Another challenge to digital, says Kaiser, is demand for a broad color gamut using a CMYK inkset. “Pigment selection is critical with regard to tone and clarity to achieve the unique ‘corporate’ colors demanded by end users,” he explains.

With so many options in wide format, says HP’s Eyal Dusy, “It’s important to evaluate ink’s end-to-end performance to determine which ink will work best for you and your particular applications,” when evaluating print systems.
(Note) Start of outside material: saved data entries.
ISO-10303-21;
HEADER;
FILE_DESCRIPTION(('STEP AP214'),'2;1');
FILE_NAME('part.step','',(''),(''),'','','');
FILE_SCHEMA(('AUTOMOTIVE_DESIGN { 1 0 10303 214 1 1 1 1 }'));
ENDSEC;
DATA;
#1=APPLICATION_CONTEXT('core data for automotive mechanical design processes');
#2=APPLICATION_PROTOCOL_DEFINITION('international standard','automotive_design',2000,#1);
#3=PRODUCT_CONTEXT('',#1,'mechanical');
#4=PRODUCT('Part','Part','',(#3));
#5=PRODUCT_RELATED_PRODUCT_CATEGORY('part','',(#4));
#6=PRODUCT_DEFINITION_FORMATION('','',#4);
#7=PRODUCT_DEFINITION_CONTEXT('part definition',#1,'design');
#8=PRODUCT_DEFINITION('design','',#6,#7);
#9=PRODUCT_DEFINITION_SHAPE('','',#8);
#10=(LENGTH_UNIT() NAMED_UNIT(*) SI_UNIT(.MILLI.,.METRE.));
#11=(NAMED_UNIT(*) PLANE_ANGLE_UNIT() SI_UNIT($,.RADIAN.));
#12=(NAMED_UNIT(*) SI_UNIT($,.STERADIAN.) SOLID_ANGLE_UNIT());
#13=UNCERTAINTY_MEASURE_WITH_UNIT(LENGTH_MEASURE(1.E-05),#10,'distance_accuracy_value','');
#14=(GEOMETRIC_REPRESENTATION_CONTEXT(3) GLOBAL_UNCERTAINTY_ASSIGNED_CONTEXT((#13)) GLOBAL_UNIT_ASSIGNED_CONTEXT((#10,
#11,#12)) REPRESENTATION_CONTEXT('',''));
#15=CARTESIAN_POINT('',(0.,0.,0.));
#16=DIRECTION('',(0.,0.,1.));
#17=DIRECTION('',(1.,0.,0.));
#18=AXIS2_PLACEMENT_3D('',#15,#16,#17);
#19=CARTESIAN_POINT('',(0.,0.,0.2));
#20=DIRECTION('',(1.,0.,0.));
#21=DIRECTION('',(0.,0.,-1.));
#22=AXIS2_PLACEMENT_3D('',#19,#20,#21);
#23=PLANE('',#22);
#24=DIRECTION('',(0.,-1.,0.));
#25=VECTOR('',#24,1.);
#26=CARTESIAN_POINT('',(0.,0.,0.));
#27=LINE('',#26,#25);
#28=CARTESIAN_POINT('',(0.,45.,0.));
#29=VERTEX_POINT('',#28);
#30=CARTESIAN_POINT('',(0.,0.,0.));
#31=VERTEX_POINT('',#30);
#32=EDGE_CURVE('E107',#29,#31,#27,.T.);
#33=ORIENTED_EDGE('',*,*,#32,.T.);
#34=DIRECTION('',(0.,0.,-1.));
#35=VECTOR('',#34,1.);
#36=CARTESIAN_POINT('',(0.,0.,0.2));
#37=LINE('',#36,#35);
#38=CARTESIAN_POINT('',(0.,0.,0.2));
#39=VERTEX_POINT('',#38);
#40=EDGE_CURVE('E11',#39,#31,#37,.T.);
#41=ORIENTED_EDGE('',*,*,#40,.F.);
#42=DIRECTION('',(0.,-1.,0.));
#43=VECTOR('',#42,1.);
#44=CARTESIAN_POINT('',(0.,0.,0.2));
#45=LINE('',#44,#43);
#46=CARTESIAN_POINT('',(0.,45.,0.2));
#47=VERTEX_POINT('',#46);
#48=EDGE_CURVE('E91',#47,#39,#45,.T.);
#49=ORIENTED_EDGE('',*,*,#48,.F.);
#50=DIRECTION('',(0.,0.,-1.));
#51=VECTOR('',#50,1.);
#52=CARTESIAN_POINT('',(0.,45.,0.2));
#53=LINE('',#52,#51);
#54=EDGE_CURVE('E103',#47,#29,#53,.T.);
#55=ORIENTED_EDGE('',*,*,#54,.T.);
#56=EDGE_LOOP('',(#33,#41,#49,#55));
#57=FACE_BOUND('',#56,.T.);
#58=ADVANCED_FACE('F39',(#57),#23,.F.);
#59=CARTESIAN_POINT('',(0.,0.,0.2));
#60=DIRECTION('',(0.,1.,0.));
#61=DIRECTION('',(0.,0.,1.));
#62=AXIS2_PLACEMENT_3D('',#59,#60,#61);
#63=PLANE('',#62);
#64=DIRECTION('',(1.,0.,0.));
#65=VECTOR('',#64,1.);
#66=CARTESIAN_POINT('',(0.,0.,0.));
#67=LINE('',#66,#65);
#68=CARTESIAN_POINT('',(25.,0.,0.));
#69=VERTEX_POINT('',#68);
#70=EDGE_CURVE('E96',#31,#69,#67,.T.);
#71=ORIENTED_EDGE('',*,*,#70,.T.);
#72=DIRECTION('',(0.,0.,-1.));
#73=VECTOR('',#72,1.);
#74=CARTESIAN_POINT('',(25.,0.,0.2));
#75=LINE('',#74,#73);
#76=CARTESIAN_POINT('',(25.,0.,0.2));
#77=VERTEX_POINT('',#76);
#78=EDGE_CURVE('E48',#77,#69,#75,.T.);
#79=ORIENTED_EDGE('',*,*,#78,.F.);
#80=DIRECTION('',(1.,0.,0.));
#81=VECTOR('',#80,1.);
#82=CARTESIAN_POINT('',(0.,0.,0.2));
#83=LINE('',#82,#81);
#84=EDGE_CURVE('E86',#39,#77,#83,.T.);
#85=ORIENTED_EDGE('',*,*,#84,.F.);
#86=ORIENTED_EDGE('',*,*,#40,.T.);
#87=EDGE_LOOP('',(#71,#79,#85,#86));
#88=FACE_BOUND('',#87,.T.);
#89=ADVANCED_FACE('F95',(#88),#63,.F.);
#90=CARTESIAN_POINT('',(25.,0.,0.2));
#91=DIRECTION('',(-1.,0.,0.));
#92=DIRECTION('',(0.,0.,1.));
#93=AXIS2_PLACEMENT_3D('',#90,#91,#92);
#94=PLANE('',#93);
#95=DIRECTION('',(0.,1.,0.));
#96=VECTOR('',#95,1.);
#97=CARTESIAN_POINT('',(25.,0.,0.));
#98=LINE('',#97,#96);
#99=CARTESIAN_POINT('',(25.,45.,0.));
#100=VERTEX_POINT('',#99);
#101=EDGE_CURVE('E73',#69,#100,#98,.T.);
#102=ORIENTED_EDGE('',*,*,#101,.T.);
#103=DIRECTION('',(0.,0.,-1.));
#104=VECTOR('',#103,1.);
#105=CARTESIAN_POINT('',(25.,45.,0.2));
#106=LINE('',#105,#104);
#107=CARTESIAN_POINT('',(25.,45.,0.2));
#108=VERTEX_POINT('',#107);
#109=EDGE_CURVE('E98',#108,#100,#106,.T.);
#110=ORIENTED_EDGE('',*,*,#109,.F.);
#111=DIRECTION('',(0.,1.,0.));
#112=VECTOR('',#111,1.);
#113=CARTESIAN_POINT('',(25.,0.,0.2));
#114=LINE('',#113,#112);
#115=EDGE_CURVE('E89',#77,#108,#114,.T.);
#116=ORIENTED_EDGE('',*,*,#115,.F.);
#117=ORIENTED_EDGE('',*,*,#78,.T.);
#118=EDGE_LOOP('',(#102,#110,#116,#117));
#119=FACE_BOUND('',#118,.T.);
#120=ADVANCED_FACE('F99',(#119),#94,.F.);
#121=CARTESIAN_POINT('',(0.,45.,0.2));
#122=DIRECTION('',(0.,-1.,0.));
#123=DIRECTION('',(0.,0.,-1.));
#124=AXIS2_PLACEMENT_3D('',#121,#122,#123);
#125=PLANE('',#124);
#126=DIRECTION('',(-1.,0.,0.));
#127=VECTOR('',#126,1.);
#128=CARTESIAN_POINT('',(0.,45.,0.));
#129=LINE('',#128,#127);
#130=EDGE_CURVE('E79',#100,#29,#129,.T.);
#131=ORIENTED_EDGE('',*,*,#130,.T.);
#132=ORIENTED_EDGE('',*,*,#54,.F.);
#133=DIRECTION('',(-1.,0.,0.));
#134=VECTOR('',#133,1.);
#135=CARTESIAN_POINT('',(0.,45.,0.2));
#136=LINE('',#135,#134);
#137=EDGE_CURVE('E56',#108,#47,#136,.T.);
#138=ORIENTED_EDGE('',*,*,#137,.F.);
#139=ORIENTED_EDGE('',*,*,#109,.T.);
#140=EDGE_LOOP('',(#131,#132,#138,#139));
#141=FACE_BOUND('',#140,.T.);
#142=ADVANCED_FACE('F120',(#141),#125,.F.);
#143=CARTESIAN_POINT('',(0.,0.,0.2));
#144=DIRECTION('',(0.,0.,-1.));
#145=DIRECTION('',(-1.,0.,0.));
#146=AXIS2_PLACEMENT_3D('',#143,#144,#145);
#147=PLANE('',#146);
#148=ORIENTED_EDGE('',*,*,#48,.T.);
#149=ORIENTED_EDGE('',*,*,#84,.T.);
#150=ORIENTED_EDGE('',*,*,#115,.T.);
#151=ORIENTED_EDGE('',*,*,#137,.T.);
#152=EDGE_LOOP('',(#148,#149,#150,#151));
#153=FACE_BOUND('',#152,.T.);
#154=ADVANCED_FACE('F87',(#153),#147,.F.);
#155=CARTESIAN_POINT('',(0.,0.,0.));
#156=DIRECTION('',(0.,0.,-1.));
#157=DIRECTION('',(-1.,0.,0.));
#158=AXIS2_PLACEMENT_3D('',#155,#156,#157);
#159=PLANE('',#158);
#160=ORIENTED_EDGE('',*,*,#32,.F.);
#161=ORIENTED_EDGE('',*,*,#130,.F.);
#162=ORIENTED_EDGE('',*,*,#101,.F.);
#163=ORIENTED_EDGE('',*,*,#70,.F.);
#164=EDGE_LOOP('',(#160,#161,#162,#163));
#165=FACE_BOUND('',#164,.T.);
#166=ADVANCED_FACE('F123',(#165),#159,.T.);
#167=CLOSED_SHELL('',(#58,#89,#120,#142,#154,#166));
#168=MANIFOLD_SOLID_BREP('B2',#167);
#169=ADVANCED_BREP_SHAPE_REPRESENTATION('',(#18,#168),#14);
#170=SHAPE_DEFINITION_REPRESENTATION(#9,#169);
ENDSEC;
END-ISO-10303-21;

Tomas Martin, also with HP, agrees that print applications should determine which inks – and corresponding printers – are the best investment. “For indoor applications where distance viewing is typically below one meter, image quality and an odorless print are the most important requirements,” he says. “For outdoor applications, the ability to withstand weather and pollution is critical to the value of the application.” It’s the ink, as a key component of any print system, which sets those parameters, he points out: “In general, the printer’s ability to handle a broad range of materials allows customers to maximize the number of potential applications they can offer in terms of cost, types of material, finishing, and installation options,” he says.

Mark Radogna, group product manager with Epson’s professional imaging division, says the company’s new SureColor printer inks, available in UltraChrome GS2 and UltraChrome GSX inksets, deliver some breakthrough advances for greener, almost odorless inks without compromising image quality or durability. “Our engineers found a way to dramatically reduce the VOCs for an ink that is much more environmentally friendly,” says Radogna. “We also made a new yellow ink, while completely removing nickel from our chemistry, for a yellow with dramatic outdoor durability for up to three years, even without laminating.”